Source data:
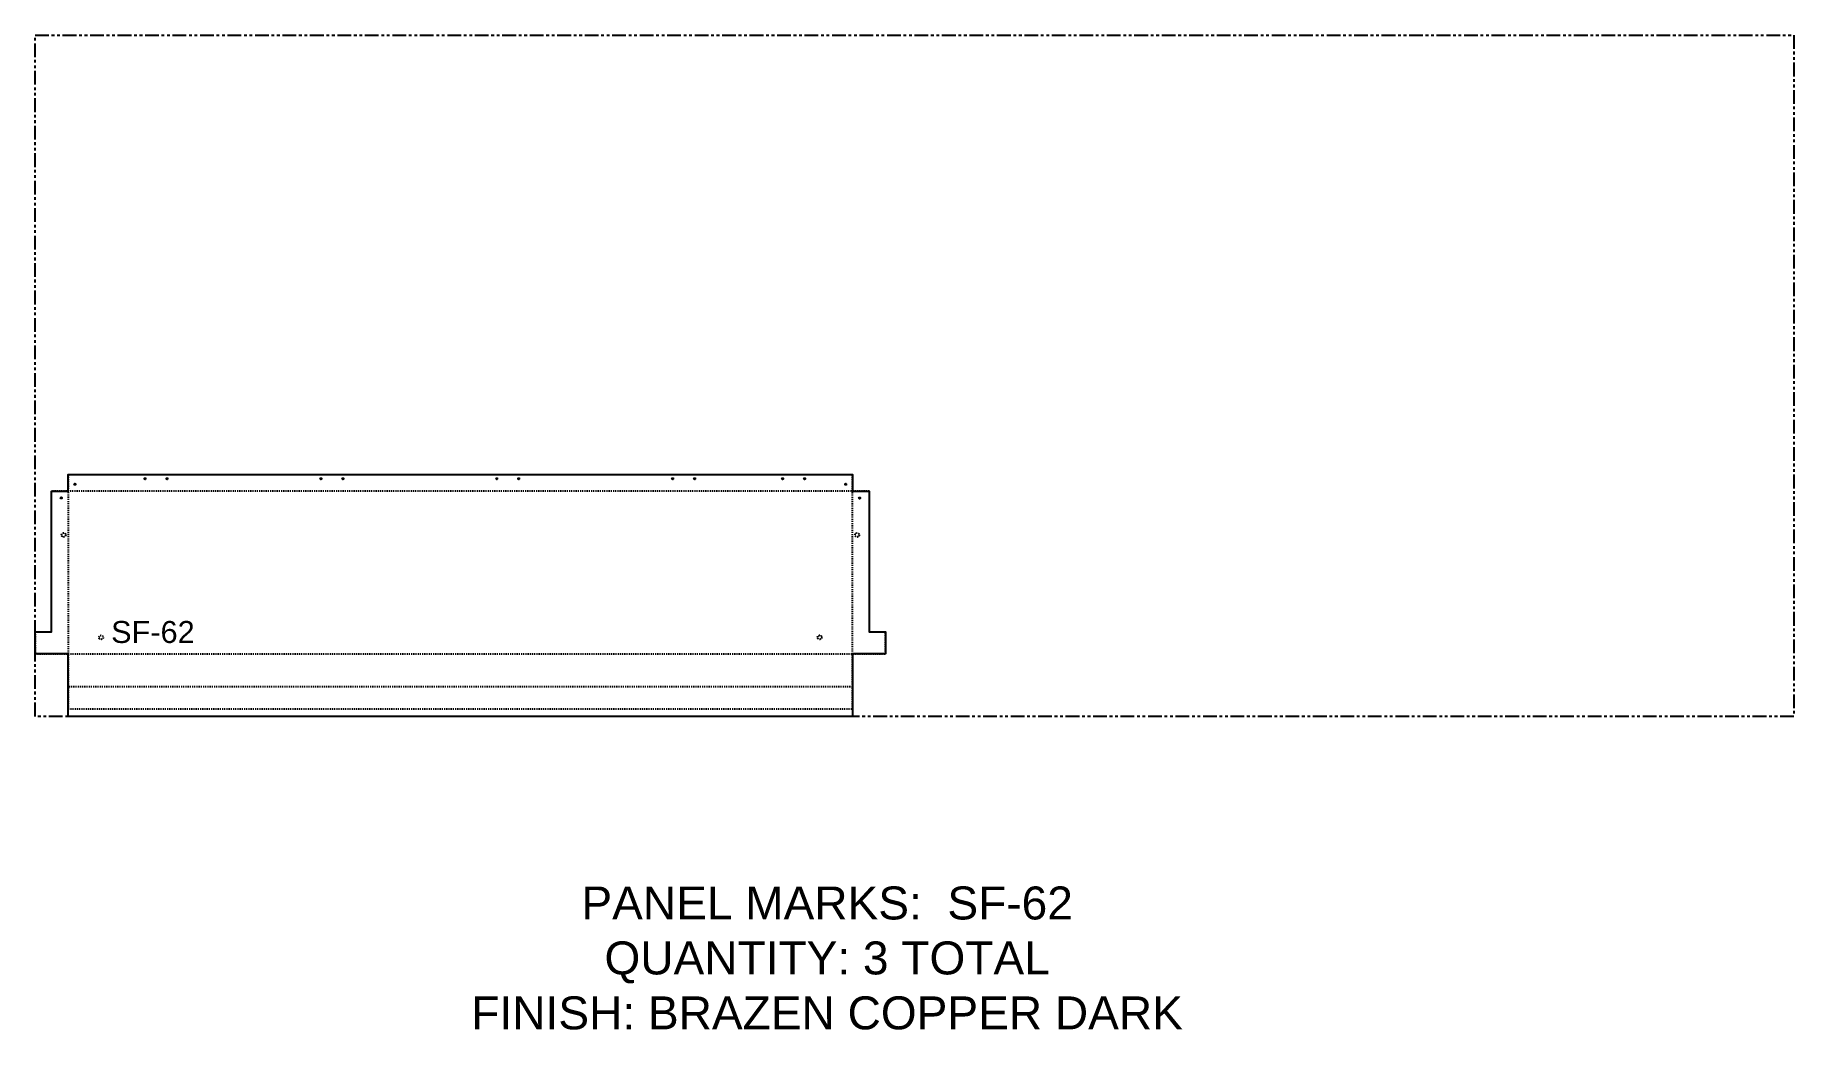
# Model space of a CAD drawing. Header units: inches. Extents: x 0 to 160, y -29 to 62.
import ezdxf

# ---------------------------------------------------------------- set-up
doc = ezdxf.new("R2010")
doc.units = ezdxf.units.IN
doc.header["$MEASUREMENT"] = 0
doc.linetypes.add('HIDDEN', pattern=[0.375, 0.25, -0.125])
doc.linetypes.add('PHANTOM', pattern=[2.5, 1.25, -0.25, 0.25, -0.25, 0.25, -0.25])
for name, color, linetype in [('CUT', 7, 'Continuous'), ('DIMS', 1, 'Continuous'), ('HOLES', 6, 'Continuous'), ('ROUT', 1, 'HIDDEN'), ('SHEET', 5, 'PHANTOM'), ('TEXT', 2, 'PHANTOM'), ('WEEPS', 3, 'HIDDEN')]:
    doc.layers.add(name, color=color, linetype=linetype)
doc.styles.get("Standard").update_dxf_attribs({"font": 'arial.ttf'})

msp = doc.modelspace()

# ---------------------------------------------------------------- linework, layer by layer
at = {"layer": 'CUT', "ltscale": 0.25}
msp.add_lwpolyline([(0, 7.69), (1.5, 7.69), (1.5, 20.5), (3, 20.5), (3, 22), (74.37, 22), (74.37, 20.5), (75.87, 20.5), (75.87, 7.69), (77.37, 7.69), (77.37, 5.69), (74.37, 5.69), (74.37, 0), (3, 0), (3, 5.69), (0, 5.69)], close=True, dxfattribs=at)
at = {"layer": 'HOLES', "ltscale": 0.25}
for centre in [(3.62, 21.12), (10, 21.62), (12, 21.62), (26, 21.62), (28, 21.62), (42, 21.62), (44, 21.62), (58, 21.62), (60, 21.62), (68, 21.62), (70, 21.62), (73.75, 21.12), (2.37, 19.88), (75, 19.87)]:
    msp.add_circle(centre, 0.0625, dxfattribs=at)
at = {"layer": 'ROUT', "ltscale": 0.25}
for p, q in [((75.87, 20.5), (1.5, 20.5)), ((74.37, 2.69), (3, 2.69))]:
    msp.add_line(p, q, dxfattribs=at)
for points in [[(3, 22), (3, 0.69), (74.37, 0.69), (74.37, 22)], [(0, 7.69), (0, 5.69), (77.37, 5.69), (77.37, 7.69)]]:
    msp.add_lwpolyline(points, dxfattribs=at)
at = {"layer": 'SHEET'}
msp.add_lwpolyline([(0, 62), (160, 62), (160, 0), (0, 0)], close=True, dxfattribs=at)
at = {"layer": 'WEEPS', "ltscale": 0.25}
for centre in [(2.59, 16.51), (74.78, 16.51), (6, 7.19), (71.37, 7.19)]:
    msp.add_circle(centre, 0.188, dxfattribs=at)

# ---------------------------------------------------------------- texts
at = {"layer": 'DIMS', "ltscale": 0.25, "insert": (10.71, 6.65), "char_height": 2, "attachment_point": 8}
msp.add_mtext_dynamic_manual_height_columns('SF-62', width=3.0859, gutter_width=10, heights=[2.07], dxfattribs=at)
at = {"layer": 'TEXT', "insert": (72.05, -22.01), "char_height": 3, "attachment_point": 5}
msp.add_mtext_dynamic_manual_height_columns('PANEL MARKS:  SF-62\\PQUANTITY: 3 TOTAL\\PFINISH: BRAZEN COPPER DARK', width=199.7409, gutter_width=1, heights=[0], dxfattribs=at)

doc.saveas('drawing.dxf')

■ Required work:
Check each line above for the string "drawing" and copy the ones that have it.

■ Solution for this exercise:
# Model space of a CAD drawing. Header units: inches. Extents: x 0 to 160, y -29 to 62.
doc.saveas('drawing.dxf')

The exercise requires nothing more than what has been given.